- Opening Delimiter -

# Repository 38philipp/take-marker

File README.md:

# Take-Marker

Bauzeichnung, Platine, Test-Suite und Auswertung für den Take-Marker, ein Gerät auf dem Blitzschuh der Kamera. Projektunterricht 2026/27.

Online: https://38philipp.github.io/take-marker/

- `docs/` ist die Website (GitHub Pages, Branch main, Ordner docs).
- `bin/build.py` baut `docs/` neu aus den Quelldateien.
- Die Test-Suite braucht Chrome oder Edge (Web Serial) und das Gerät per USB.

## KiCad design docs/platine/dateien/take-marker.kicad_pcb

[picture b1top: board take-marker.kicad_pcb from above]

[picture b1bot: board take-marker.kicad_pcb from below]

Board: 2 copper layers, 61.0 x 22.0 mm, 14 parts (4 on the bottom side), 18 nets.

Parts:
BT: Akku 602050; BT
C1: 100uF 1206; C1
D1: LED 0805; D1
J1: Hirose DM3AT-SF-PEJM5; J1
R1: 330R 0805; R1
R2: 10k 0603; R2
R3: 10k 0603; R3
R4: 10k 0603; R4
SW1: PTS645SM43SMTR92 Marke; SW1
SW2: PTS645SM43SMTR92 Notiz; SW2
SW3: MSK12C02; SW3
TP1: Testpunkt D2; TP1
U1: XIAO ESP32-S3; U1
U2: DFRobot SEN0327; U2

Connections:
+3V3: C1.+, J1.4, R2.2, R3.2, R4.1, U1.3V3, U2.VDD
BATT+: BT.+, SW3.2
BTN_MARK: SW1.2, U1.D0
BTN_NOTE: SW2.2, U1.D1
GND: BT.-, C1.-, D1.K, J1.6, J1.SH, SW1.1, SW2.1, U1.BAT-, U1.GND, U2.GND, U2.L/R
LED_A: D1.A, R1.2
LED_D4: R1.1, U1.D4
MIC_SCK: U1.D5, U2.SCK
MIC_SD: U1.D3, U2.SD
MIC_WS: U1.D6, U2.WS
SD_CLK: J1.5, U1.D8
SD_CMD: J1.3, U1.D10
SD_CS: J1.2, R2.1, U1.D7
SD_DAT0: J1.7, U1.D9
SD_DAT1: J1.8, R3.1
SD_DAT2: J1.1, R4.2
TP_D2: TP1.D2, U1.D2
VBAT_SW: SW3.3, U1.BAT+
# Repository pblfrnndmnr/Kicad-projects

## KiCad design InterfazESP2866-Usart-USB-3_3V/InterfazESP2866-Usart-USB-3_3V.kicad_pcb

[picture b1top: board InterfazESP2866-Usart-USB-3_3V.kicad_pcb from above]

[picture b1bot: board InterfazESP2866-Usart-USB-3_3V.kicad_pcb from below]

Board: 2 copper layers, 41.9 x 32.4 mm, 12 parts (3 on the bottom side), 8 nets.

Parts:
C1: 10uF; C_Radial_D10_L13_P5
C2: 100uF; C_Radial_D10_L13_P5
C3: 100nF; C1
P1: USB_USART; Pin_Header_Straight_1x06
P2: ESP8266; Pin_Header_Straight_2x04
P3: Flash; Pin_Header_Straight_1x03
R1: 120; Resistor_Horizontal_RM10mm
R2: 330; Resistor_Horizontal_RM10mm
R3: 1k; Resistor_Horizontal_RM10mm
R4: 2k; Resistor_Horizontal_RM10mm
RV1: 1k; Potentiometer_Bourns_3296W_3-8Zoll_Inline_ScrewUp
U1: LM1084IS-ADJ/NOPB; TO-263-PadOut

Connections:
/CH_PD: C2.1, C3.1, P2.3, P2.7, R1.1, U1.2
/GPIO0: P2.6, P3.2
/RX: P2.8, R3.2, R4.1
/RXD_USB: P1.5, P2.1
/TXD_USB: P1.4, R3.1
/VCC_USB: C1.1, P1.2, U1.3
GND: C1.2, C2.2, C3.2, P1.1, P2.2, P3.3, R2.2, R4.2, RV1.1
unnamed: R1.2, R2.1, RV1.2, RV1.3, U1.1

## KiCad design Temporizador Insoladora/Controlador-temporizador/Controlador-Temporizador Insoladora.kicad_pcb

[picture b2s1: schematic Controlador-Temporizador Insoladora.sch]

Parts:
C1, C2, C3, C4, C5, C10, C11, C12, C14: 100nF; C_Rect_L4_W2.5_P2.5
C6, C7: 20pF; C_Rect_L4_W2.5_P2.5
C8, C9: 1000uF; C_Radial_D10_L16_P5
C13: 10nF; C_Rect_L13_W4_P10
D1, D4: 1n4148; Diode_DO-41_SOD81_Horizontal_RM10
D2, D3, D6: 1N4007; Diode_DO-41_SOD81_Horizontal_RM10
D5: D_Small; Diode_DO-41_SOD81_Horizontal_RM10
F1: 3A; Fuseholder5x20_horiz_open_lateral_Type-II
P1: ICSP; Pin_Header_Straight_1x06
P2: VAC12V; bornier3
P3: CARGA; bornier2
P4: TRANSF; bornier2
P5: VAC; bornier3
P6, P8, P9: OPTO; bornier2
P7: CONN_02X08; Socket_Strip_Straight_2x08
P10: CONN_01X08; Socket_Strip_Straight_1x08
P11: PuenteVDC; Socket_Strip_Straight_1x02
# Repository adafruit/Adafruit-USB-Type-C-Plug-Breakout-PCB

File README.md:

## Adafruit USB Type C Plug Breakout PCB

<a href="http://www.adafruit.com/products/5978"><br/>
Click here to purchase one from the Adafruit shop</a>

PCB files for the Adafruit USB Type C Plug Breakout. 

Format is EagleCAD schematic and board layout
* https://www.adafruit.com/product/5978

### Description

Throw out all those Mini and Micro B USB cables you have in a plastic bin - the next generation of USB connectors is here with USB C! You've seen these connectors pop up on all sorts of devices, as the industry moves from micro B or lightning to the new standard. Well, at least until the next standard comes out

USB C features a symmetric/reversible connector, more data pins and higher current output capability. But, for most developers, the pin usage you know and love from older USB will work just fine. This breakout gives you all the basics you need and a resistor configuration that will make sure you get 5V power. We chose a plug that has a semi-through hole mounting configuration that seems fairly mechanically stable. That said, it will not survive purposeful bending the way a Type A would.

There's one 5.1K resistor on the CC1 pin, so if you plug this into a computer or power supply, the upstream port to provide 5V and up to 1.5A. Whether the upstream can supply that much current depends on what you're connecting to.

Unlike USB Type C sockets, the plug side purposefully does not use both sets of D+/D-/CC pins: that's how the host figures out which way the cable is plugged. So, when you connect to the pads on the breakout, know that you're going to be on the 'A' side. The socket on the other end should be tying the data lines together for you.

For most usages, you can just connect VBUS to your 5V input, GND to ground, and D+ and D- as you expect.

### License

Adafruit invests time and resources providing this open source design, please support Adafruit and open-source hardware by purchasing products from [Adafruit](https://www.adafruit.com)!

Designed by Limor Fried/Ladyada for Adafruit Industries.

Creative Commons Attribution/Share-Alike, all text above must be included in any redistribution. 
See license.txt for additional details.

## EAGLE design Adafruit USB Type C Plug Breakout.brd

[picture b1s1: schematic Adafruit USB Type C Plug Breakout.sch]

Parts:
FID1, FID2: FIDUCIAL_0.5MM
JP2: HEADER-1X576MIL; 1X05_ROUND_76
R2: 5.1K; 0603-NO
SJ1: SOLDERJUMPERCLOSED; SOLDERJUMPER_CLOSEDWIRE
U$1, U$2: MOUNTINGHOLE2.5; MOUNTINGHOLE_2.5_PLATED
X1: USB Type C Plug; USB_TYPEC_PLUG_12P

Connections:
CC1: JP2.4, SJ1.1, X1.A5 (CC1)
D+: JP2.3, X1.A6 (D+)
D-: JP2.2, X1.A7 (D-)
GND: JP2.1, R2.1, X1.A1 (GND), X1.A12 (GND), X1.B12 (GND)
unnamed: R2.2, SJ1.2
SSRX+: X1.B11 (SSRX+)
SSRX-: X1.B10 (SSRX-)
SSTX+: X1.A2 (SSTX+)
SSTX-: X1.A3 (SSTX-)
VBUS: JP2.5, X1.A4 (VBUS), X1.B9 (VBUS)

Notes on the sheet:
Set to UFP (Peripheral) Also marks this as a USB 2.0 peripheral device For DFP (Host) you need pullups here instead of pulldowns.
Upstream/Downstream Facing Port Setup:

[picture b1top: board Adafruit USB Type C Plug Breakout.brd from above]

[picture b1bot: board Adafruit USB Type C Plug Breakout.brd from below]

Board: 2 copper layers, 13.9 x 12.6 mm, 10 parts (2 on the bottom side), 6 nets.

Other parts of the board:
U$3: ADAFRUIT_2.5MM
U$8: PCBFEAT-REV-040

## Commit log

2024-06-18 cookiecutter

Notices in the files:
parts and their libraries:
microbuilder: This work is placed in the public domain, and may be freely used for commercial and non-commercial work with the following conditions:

- Closing Delimiter -

--- Aim of the task ---
Show all lines above holding "Repository".

--- Response ---
# Repository 38philipp/take-marker
# Repository pblfrnndmnr/Kicad-projects
# Repository adafruit/Adafruit-USB-Type-C-Plug-Breakout-PCB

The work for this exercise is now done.